What is needed is an exact transcription of the line with "#305=DIRECTION('',(1.,0.,0.));" and all the lines that follow it in the entries below; add nothing else.

--- TASK DATA Enclosed Below ---

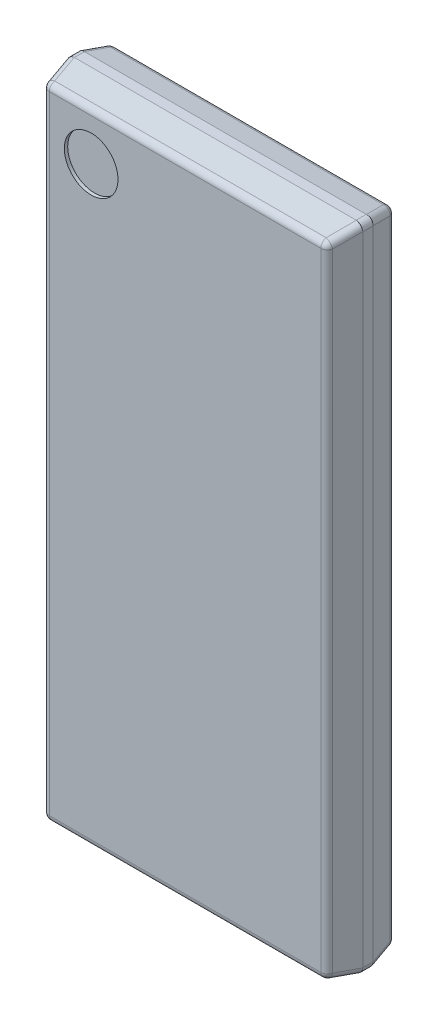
ISO-10303-21;
HEADER;
FILE_DESCRIPTION(('STEP AP214'),'2;1');
FILE_NAME('part.step','',(''),(''),'','','');
FILE_SCHEMA(('AUTOMOTIVE_DESIGN { 1 0 10303 214 1 1 1 1 }'));
ENDSEC;
DATA;
#1=APPLICATION_CONTEXT('core data for automotive mechanical design processes');
#2=APPLICATION_PROTOCOL_DEFINITION('international standard','automotive_design',2000,#1);
#3=PRODUCT_CONTEXT('',#1,'mechanical');
#4=PRODUCT('Part','Part','',(#3));
#5=PRODUCT_RELATED_PRODUCT_CATEGORY('part','',(#4));
#6=PRODUCT_DEFINITION_FORMATION('','',#4);
#7=PRODUCT_DEFINITION_CONTEXT('part definition',#1,'design');
#8=PRODUCT_DEFINITION('design','',#6,#7);
#9=PRODUCT_DEFINITION_SHAPE('','',#8);
#10=(LENGTH_UNIT() NAMED_UNIT(*) SI_UNIT(.MILLI.,.METRE.));
#11=(NAMED_UNIT(*) PLANE_ANGLE_UNIT() SI_UNIT($,.RADIAN.));
#12=(NAMED_UNIT(*) SI_UNIT($,.STERADIAN.) SOLID_ANGLE_UNIT());
#13=UNCERTAINTY_MEASURE_WITH_UNIT(LENGTH_MEASURE(1.E-05),#10,'distance_accuracy_value','');
#14=(GEOMETRIC_REPRESENTATION_CONTEXT(3) GLOBAL_UNCERTAINTY_ASSIGNED_CONTEXT((#13)) GLOBAL_UNIT_ASSIGNED_CONTEXT((#10,
#11,#12)) REPRESENTATION_CONTEXT('',''));
#15=CARTESIAN_POINT('',(0.,0.,0.));
#16=DIRECTION('',(0.,0.,1.));
#17=DIRECTION('',(1.,0.,0.));
#18=AXIS2_PLACEMENT_3D('',#15,#16,#17);
#19=CARTESIAN_POINT('',(0.,0.,0.28));
#20=DIRECTION('',(0.,0.,1.));
#21=DIRECTION('',(1.,0.,0.));
#22=AXIS2_PLACEMENT_3D('',#19,#20,#21);
#23=PLANE('',#22);
#24=DIRECTION('',(1.,0.,0.));
#25=VECTOR('',#24,1.);
#26=CARTESIAN_POINT('',(0.,-2.615,0.28));
#27=LINE('',#26,#25);
#28=CARTESIAN_POINT('',(-0.475,-2.615,0.28));
#29=VERTEX_POINT('',#28);
#30=CARTESIAN_POINT('',(0.475,-2.615,0.28));
#31=VERTEX_POINT('',#30);
#32=EDGE_CURVE('E675',#29,#31,#27,.T.);
#33=ORIENTED_EDGE('',*,*,#32,.F.);
#34=DIRECTION('',(0.,1.,0.));
#35=VECTOR('',#34,1.);
#36=CARTESIAN_POINT('',(-0.475,0.,0.28));
#37=LINE('',#36,#35);
#38=CARTESIAN_POINT('',(-0.475,-2.415,0.28));
#39=VERTEX_POINT('',#38);
#40=EDGE_CURVE('E678',#39,#29,#37,.F.);
#41=ORIENTED_EDGE('',*,*,#40,.F.);
#42=DIRECTION('',(1.,0.,0.));
#43=VECTOR('',#42,1.);
#44=CARTESIAN_POINT('',(0.,-2.415,0.28));
#45=LINE('',#44,#43);
#46=CARTESIAN_POINT('',(-1.375,-2.415,0.28));
#47=VERTEX_POINT('',#46);
#48=EDGE_CURVE('E681',#47,#39,#45,.T.);
#49=ORIENTED_EDGE('',*,*,#48,.F.);
#50=DIRECTION('',(0.,1.,0.));
#51=VECTOR('',#50,1.);
#52=CARTESIAN_POINT('',(-1.375,2.415,0.28));
#53=LINE('',#52,#51);
#54=CARTESIAN_POINT('',(-1.375,2.415,0.28));
#55=VERTEX_POINT('',#54);
#56=EDGE_CURVE('E669',#47,#55,#53,.T.);
#57=ORIENTED_EDGE('',*,*,#56,.T.);
#58=DIRECTION('',(1.,0.,0.));
#59=VECTOR('',#58,1.);
#60=CARTESIAN_POINT('',(1.375,2.415,0.28));
#61=LINE('',#60,#59);
#62=CARTESIAN_POINT('',(-0.475,2.415,0.28));
#63=VERTEX_POINT('',#62);
#64=EDGE_CURVE('E663',#55,#63,#61,.T.);
#65=ORIENTED_EDGE('',*,*,#64,.T.);
#66=DIRECTION('',(0.,1.,0.));
#67=VECTOR('',#66,1.);
#68=CARTESIAN_POINT('',(-0.475,2.615,0.28));
#69=LINE('',#68,#67);
#70=CARTESIAN_POINT('',(-0.475,2.615,0.28));
#71=VERTEX_POINT('',#70);
#72=EDGE_CURVE('E657',#63,#71,#69,.T.);
#73=ORIENTED_EDGE('',*,*,#72,.T.);
#74=DIRECTION('',(1.,0.,0.));
#75=VECTOR('',#74,1.);
#76=CARTESIAN_POINT('',(0.475,2.615,0.28));
#77=LINE('',#76,#75);
#78=CARTESIAN_POINT('',(0.475,2.615,0.28));
#79=VERTEX_POINT('',#78);
#80=EDGE_CURVE('E651',#71,#79,#77,.T.);
#81=ORIENTED_EDGE('',*,*,#80,.T.);
#82=DIRECTION('',(0.,1.,0.));
#83=VECTOR('',#82,1.);
#84=CARTESIAN_POINT('',(0.475,2.415,0.28));
#85=LINE('',#84,#83);
#86=CARTESIAN_POINT('',(0.475,2.415,0.28));
#87=VERTEX_POINT('',#86);
#88=EDGE_CURVE('E645',#79,#87,#85,.F.);
#89=ORIENTED_EDGE('',*,*,#88,.T.);
#90=DIRECTION('',(1.,0.,0.));
#91=VECTOR('',#90,1.);
#92=CARTESIAN_POINT('',(1.375,2.415,0.28));
#93=LINE('',#92,#91);
#94=CARTESIAN_POINT('',(1.375,2.415,0.28));
#95=VERTEX_POINT('',#94);
#96=EDGE_CURVE('E639',#87,#95,#93,.T.);
#97=ORIENTED_EDGE('',*,*,#96,.T.);
#98=DIRECTION('',(0.,1.,0.));
#99=VECTOR('',#98,1.);
#100=CARTESIAN_POINT('',(1.375,-2.415,0.28));
#101=LINE('',#100,#99);
#102=CARTESIAN_POINT('',(1.375,-2.415,0.28));
#103=VERTEX_POINT('',#102);
#104=EDGE_CURVE('E633',#95,#103,#101,.F.);
#105=ORIENTED_EDGE('',*,*,#104,.T.);
#106=DIRECTION('',(1.,0.,0.));
#107=VECTOR('',#106,1.);
#108=CARTESIAN_POINT('',(0.,-2.415,0.28));
#109=LINE('',#108,#107);
#110=CARTESIAN_POINT('',(0.475,-2.415,0.28));
#111=VERTEX_POINT('',#110);
#112=EDGE_CURVE('E684',#111,#103,#109,.T.);
#113=ORIENTED_EDGE('',*,*,#112,.F.);
#114=DIRECTION('',(0.,1.,0.));
#115=VECTOR('',#114,1.);
#116=CARTESIAN_POINT('',(0.475,0.,0.28));
#117=LINE('',#116,#115);
#118=EDGE_CURVE('E672',#31,#111,#117,.T.);
#119=ORIENTED_EDGE('',*,*,#118,.F.);
#120=EDGE_LOOP('',(#33,#41,#49,#57,#65,#73,#81,#89,#97,#105,#113,#119));
#121=FACE_BOUND('',#120,.T.);
#122=ADVANCED_FACE('F17',(#121),#23,.F.);
#123=CARTESIAN_POINT('',(-1.375,2.415,0.13));
#124=DIRECTION('',(-1.,0.,0.));
#125=DIRECTION('',(0.,0.,1.));
#126=AXIS2_PLACEMENT_3D('',#123,#124,#125);
#127=PLANE('',#126);
#128=ORIENTED_EDGE('',*,*,#56,.F.);
#129=DIRECTION('',(0.,0.,-1.));
#130=VECTOR('',#129,1.);
#131=CARTESIAN_POINT('',(-1.375,-2.415,0.13));
#132=LINE('',#131,#130);
#133=CARTESIAN_POINT('',(-1.375,-2.415,0.13));
#134=VERTEX_POINT('',#133);
#135=EDGE_CURVE('E614',#47,#134,#132,.T.);
#136=ORIENTED_EDGE('',*,*,#135,.T.);
#137=DIRECTION('',(0.,1.,0.));
#138=VECTOR('',#137,1.);
#139=CARTESIAN_POINT('',(-1.375,0.,0.13));
#140=LINE('',#139,#138);
#141=CARTESIAN_POINT('',(-1.375,2.415,0.13));
#142=VERTEX_POINT('',#141);
#143=EDGE_CURVE('E617',#134,#142,#140,.T.);
#144=ORIENTED_EDGE('',*,*,#143,.T.);
#145=DIRECTION('',(0.,0.,1.));
#146=VECTOR('',#145,1.);
#147=CARTESIAN_POINT('',(-1.375,2.415,0.13));
#148=LINE('',#147,#146);
#149=EDGE_CURVE('E666',#142,#55,#148,.T.);
#150=ORIENTED_EDGE('',*,*,#149,.T.);
#151=EDGE_LOOP('',(#128,#136,#144,#150));
#152=FACE_BOUND('',#151,.T.);
#153=ADVANCED_FACE('F231',(#152),#127,.F.);
#154=CARTESIAN_POINT('',(1.375,2.415,0.13));
#155=DIRECTION('',(0.,1.,0.));
#156=DIRECTION('',(0.,0.,1.));
#157=AXIS2_PLACEMENT_3D('',#154,#155,#156);
#158=PLANE('',#157);
#159=ORIENTED_EDGE('',*,*,#64,.F.);
#160=ORIENTED_EDGE('',*,*,#149,.F.);
#161=DIRECTION('',(1.,0.,0.));
#162=VECTOR('',#161,1.);
#163=CARTESIAN_POINT('',(0.,2.415,0.13));
#164=LINE('',#163,#162);
#165=CARTESIAN_POINT('',(-0.475,2.415,0.13));
#166=VERTEX_POINT('',#165);
#167=EDGE_CURVE('E1308',#142,#166,#164,.T.);
#168=ORIENTED_EDGE('',*,*,#167,.T.);
#169=DIRECTION('',(0.,0.,1.));
#170=VECTOR('',#169,1.);
#171=CARTESIAN_POINT('',(-0.475,2.415,0.13));
#172=LINE('',#171,#170);
#173=EDGE_CURVE('E660',#166,#63,#172,.T.);
#174=ORIENTED_EDGE('',*,*,#173,.T.);
#175=EDGE_LOOP('',(#159,#160,#168,#174));
#176=FACE_BOUND('',#175,.T.);
#177=ADVANCED_FACE('F228',(#176),#158,.F.);
#178=CARTESIAN_POINT('',(-0.475,2.615,0.13));
#179=DIRECTION('',(-1.,0.,0.));
#180=DIRECTION('',(0.,0.,1.));
#181=AXIS2_PLACEMENT_3D('',#178,#179,#180);
#182=PLANE('',#181);
#183=ORIENTED_EDGE('',*,*,#72,.F.);
#184=ORIENTED_EDGE('',*,*,#173,.F.);
#185=DIRECTION('',(0.,1.,0.));
#186=VECTOR('',#185,1.);
#187=CARTESIAN_POINT('',(-0.475,0.,0.13));
#188=LINE('',#187,#186);
#189=CARTESIAN_POINT('',(-0.475,2.615,0.13));
#190=VERTEX_POINT('',#189);
#191=EDGE_CURVE('E1306',#166,#190,#188,.T.);
#192=ORIENTED_EDGE('',*,*,#191,.T.);
#193=DIRECTION('',(0.,0.,1.));
#194=VECTOR('',#193,1.);
#195=CARTESIAN_POINT('',(-0.475,2.615,0.13));
#196=LINE('',#195,#194);
#197=EDGE_CURVE('E654',#190,#71,#196,.T.);
#198=ORIENTED_EDGE('',*,*,#197,.T.);
#199=EDGE_LOOP('',(#183,#184,#192,#198));
#200=FACE_BOUND('',#199,.T.);
#201=ADVANCED_FACE('F224',(#200),#182,.F.);
#202=CARTESIAN_POINT('',(0.475,2.615,0.13));
#203=DIRECTION('',(0.,1.,0.));
#204=DIRECTION('',(0.,0.,1.));
#205=AXIS2_PLACEMENT_3D('',#202,#203,#204);
#206=PLANE('',#205);
#207=ORIENTED_EDGE('',*,*,#80,.F.);
#208=ORIENTED_EDGE('',*,*,#197,.F.);
#209=DIRECTION('',(1.,0.,0.));
#210=VECTOR('',#209,1.);
#211=CARTESIAN_POINT('',(0.,2.615,0.13));
#212=LINE('',#211,#210);
#213=CARTESIAN_POINT('',(0.475,2.615,0.13));
#214=VERTEX_POINT('',#213);
#215=EDGE_CURVE('E1304',#190,#214,#212,.T.);
#216=ORIENTED_EDGE('',*,*,#215,.T.);
#217=DIRECTION('',(0.,0.,-1.));
#218=VECTOR('',#217,1.);
#219=CARTESIAN_POINT('',(0.475,2.615,0.13));
#220=LINE('',#219,#218);
#221=EDGE_CURVE('E648',#214,#79,#220,.F.);
#222=ORIENTED_EDGE('',*,*,#221,.T.);
#223=EDGE_LOOP('',(#207,#208,#216,#222));
#224=FACE_BOUND('',#223,.T.);
#225=ADVANCED_FACE('F220',(#224),#206,.F.);
#226=CARTESIAN_POINT('',(0.475,2.415,0.13));
#227=DIRECTION('',(1.,0.,0.));
#228=DIRECTION('',(0.,0.,-1.));
#229=AXIS2_PLACEMENT_3D('',#226,#227,#228);
#230=PLANE('',#229);
#231=ORIENTED_EDGE('',*,*,#88,.F.);
#232=ORIENTED_EDGE('',*,*,#221,.F.);
#233=DIRECTION('',(0.,1.,0.));
#234=VECTOR('',#233,1.);
#235=CARTESIAN_POINT('',(0.475,0.,0.13));
#236=LINE('',#235,#234);
#237=CARTESIAN_POINT('',(0.475,2.415,0.13));
#238=VERTEX_POINT('',#237);
#239=EDGE_CURVE('E1302',#214,#238,#236,.F.);
#240=ORIENTED_EDGE('',*,*,#239,.T.);
#241=DIRECTION('',(0.,0.,1.));
#242=VECTOR('',#241,1.);
#243=CARTESIAN_POINT('',(0.475,2.415,0.13));
#244=LINE('',#243,#242);
#245=EDGE_CURVE('E642',#238,#87,#244,.T.);
#246=ORIENTED_EDGE('',*,*,#245,.T.);
#247=EDGE_LOOP('',(#231,#232,#240,#246));
#248=FACE_BOUND('',#247,.T.);
#249=ADVANCED_FACE('F216',(#248),#230,.F.);
#250=CARTESIAN_POINT('',(1.375,2.415,0.13));
#251=DIRECTION('',(0.,1.,0.));
#252=DIRECTION('',(0.,0.,1.));
#253=AXIS2_PLACEMENT_3D('',#250,#251,#252);
#254=PLANE('',#253);
#255=ORIENTED_EDGE('',*,*,#96,.F.);
#256=ORIENTED_EDGE('',*,*,#245,.F.);
#257=DIRECTION('',(1.,0.,0.));
#258=VECTOR('',#257,1.);
#259=CARTESIAN_POINT('',(0.,2.415,0.13));
#260=LINE('',#259,#258);
#261=CARTESIAN_POINT('',(1.375,2.415,0.13));
#262=VERTEX_POINT('',#261);
#263=EDGE_CURVE('E1300',#238,#262,#260,.T.);
#264=ORIENTED_EDGE('',*,*,#263,.T.);
#265=DIRECTION('',(0.,0.,-1.));
#266=VECTOR('',#265,1.);
#267=CARTESIAN_POINT('',(1.375,2.415,0.13));
#268=LINE('',#267,#266);
#269=EDGE_CURVE('E636',#262,#95,#268,.F.);
#270=ORIENTED_EDGE('',*,*,#269,.T.);
#271=EDGE_LOOP('',(#255,#256,#264,#270));
#272=FACE_BOUND('',#271,.T.);
#273=ADVANCED_FACE('F212',(#272),#254,.F.);
#274=CARTESIAN_POINT('',(1.375,-2.415,0.13));
#275=DIRECTION('',(1.,0.,0.));
#276=DIRECTION('',(0.,0.,-1.));
#277=AXIS2_PLACEMENT_3D('',#274,#275,#276);
#278=PLANE('',#277);
#279=ORIENTED_EDGE('',*,*,#104,.F.);
#280=ORIENTED_EDGE('',*,*,#269,.F.);
#281=DIRECTION('',(0.,1.,0.));
#282=VECTOR('',#281,1.);
#283=CARTESIAN_POINT('',(1.375,0.,0.13));
#284=LINE('',#283,#282);
#285=CARTESIAN_POINT('',(1.375,-2.415,0.13));
#286=VERTEX_POINT('',#285);
#287=EDGE_CURVE('E1298',#262,#286,#284,.F.);
#288=ORIENTED_EDGE('',*,*,#287,.T.);
#289=DIRECTION('',(0.,0.,-1.));
#290=VECTOR('',#289,1.);
#291=CARTESIAN_POINT('',(1.375,-2.415,0.13));
#292=LINE('',#291,#290);
#293=EDGE_CURVE('E630',#286,#103,#292,.F.);
#294=ORIENTED_EDGE('',*,*,#293,.T.);
#295=EDGE_LOOP('',(#279,#280,#288,#294));
#296=FACE_BOUND('',#295,.T.);
#297=ADVANCED_FACE('F208',(#296),#278,.F.);
#298=CARTESIAN_POINT('',(-1.375,-2.415,0.13));
#299=DIRECTION('',(0.,-1.,0.));
#300=DIRECTION('',(0.,0.,-1.));
#301=AXIS2_PLACEMENT_3D('',#298,#299,#300);
#302=PLANE('',#301);
#303=ORIENTED_EDGE('',*,*,#112,.T.);
#304=ORIENTED_EDGE('',*,*,#293,.F.);
#305=DIRECTION('',(1.,0.,0.));
#306=VECTOR('',#305,1.);
#307=CARTESIAN_POINT('',(0.,-2.415,0.13));
#308=LINE('',#307,#306);
#309=CARTESIAN_POINT('',(0.475,-2.415,0.13));
#310=VERTEX_POINT('',#309);
#311=EDGE_CURVE('E1296',#286,#310,#308,.F.);
#312=ORIENTED_EDGE('',*,*,#311,.T.);
#313=DIRECTION('',(0.,0.,-1.));
#314=VECTOR('',#313,1.);
#315=CARTESIAN_POINT('',(0.475,-2.415,0.13));
#316=LINE('',#315,#314);
#317=EDGE_CURVE('E627',#310,#111,#316,.F.);
#318=ORIENTED_EDGE('',*,*,#317,.T.);
#319=EDGE_LOOP('',(#303,#304,#312,#318));
#320=FACE_BOUND('',#319,.T.);
#321=ADVANCED_FACE('F204',(#320),#302,.F.);
#322=CARTESIAN_POINT('',(0.475,-2.615,0.13));
#323=DIRECTION('',(1.,0.,0.));
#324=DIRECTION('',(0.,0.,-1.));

--- End of Enclosed TASK DATA ---

**EXERCISE OUTPUT:**
#305=DIRECTION('',(1.,0.,0.));
#306=VECTOR('',#305,1.);
#307=CARTESIAN_POINT('',(0.,-2.415,0.13));
#308=LINE('',#307,#306);
#309=CARTESIAN_POINT('',(0.475,-2.415,0.13));
#310=VERTEX_POINT('',#309);
#311=EDGE_CURVE('E1296',#286,#310,#308,.F.);
#312=ORIENTED_EDGE('',*,*,#311,.T.);
#313=DIRECTION('',(0.,0.,-1.));
#314=VECTOR('',#313,1.);
#315=CARTESIAN_POINT('',(0.475,-2.415,0.13));
#316=LINE('',#315,#314);
#317=EDGE_CURVE('E627',#310,#111,#316,.F.);
#318=ORIENTED_EDGE('',*,*,#317,.T.);
#319=EDGE_LOOP('',(#303,#304,#312,#318));
#320=FACE_BOUND('',#319,.T.);
#321=ADVANCED_FACE('F204',(#320),#302,.F.);
#322=CARTESIAN_POINT('',(0.475,-2.615,0.13));
#323=DIRECTION('',(1.,0.,0.));
#324=DIRECTION('',(0.,0.,-1.));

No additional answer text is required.